Resilience

I’ve been doing a lot of thinking about resilience lately, in part, because of this article that appeared in the Harvard Business Review, which found that resilience is critical to individual and organizational success. What is resilience? They define it as “the ability to recover from setbacks, adapt well to change, and keep going in the face of adversity.” We’ve all faced challenges. I would argue that for many of us, some of our greatest successes have come out of our audacity to press on in the face of seemingly insurmountable problems.

Last week, I attended a great session at the Academic Surgical Congress in which some incredible leaders told stories of “Rising from the Ashes.” It was encouraging and heartwarming to hear how people whom anyone would consider spectacular successes had faced abysmal failures—from having “foolproof” experiments go awry, to being unable to find a job despite top-notch training.

Somehow, through brute resolve and a bit of ingenuity, they pulled through hard times, often to emerge far more successful than they may have been if they never would have faced such challenges. It reminded me of what Calvin Coolidge said, “Nothing in the world can take the place of persistence. Talent will not; nothing is more common than unsuccessful men with talent. Genius will not; unrewarded genius is almost a proverb. Education will not; the world is full of educated derelicts. Persistence and determination alone are omnipotent. The slogan 'Press On' has solved and always will solve the problems of the human race.”

Today, my thoughts on resilience turned from professional tenacity to the sheer determination of our patients when faced with a diagnosis of cancer. I read this blog of a Yale student who is facing cancer, and pondered her resilience. At first, she writes she “was somewhat removed from the situation, it felt like [she] wasn’t experiencing it.”

She reminded me a lot of a young male breast cancer patient whom I treated. He presented with a sizable cancer and a positive node. He approached the diagnosis with a sense of humor, cracking jokes . . . it seemed to me that humor was a shield for him, protecting him from thinking about what this diagnosis meant, for himself and his young family. In an odd way, I wanted him to be angry or sad or simply yell “Cancer sucks!”. . . .I wanted him to “feel real.” If only I could have shared her blog with him then.

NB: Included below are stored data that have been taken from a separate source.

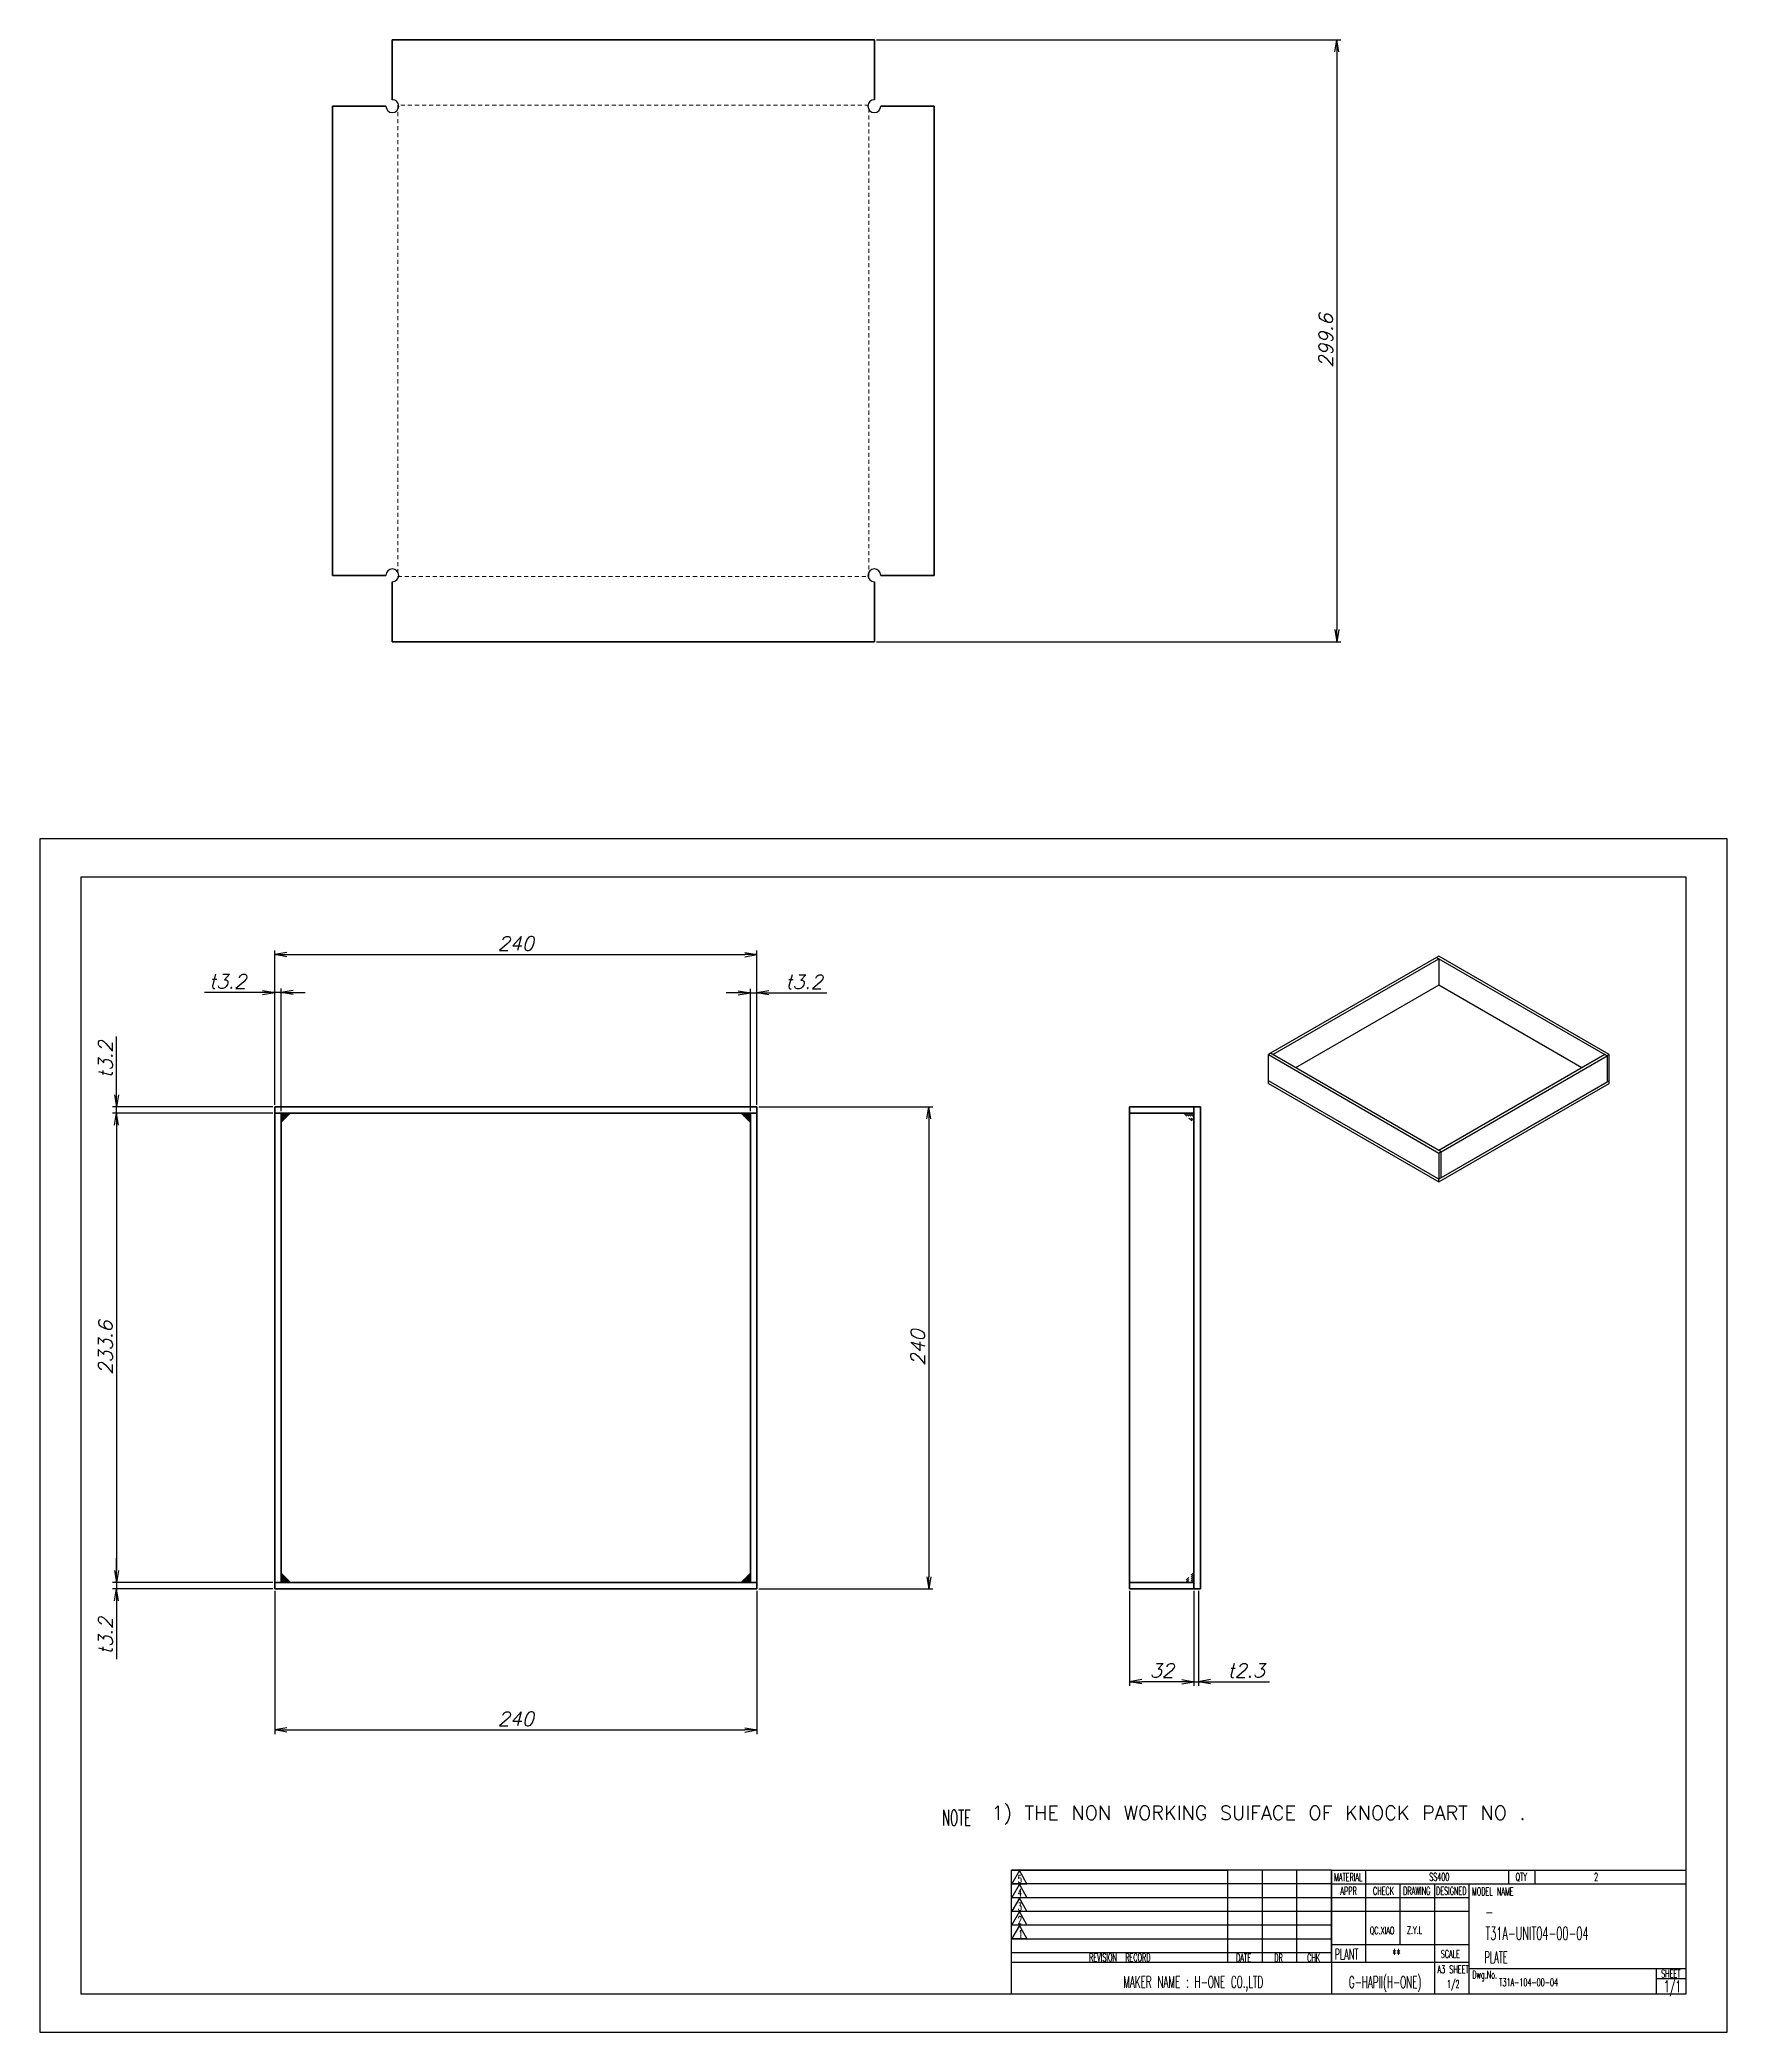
# Model space of a CAD drawing. Header units: inches. Extents: x 21 to 8642, y -3779 to 2137.
# Drawn here: x 105 to 945, y -3779 to -2787 of the extents above; entities that cross this region are included whole.
import ezdxf

# ---------------------------------------------------------------- set-up
doc = ezdxf.new("R2010")
doc.units = ezdxf.units.IN
doc.header["$MEASUREMENT"] = 0
doc.linetypes.add('DASHED', pattern=[15, 12, -3])
doc.linetypes.add('HIDDEN', pattern=[3.5, 2, -1.5])
for name, color, linetype, lineweight in [('AM_VIS', 7, 'Continuous', 30), ('DIM', 3, 'Continuous', 20), ('HIDDEN_LINE', 1, 'HIDDEN', 20)]:
    doc.layers.add(name, color=color, linetype=linetype, lineweight=lineweight)
for name, color, linetype in [('DRAWING', 7, 'Continuous'), ('title_frame', 7, 'Continuous'), ('word_dim', 253, 'Continuous')]:
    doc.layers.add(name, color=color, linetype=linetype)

Some have defined resilience as being the ability to “face reality with staunchness, make meaning of hardship instead of crying out in despair, and improvise solutions from thin air.” I would argue that in order to face reality, one needs to face one’s real feelings. “It is ok to feel”. . . cry, get upset, vent . . . acknowledge the emotions of the reality you face.

Only then can you can begin to objectively unpack the situation, whether with a difficult coworker or a cancer diagnosis. Once the veil of dark emotions is lifted, one can see with greater clarity a more purposeful way forward. It is only after we acknowledge our emotions that we can enjoy “the serenity to accept the things we cannot change, the courage to change the things we can, and the wisdom to know the difference.”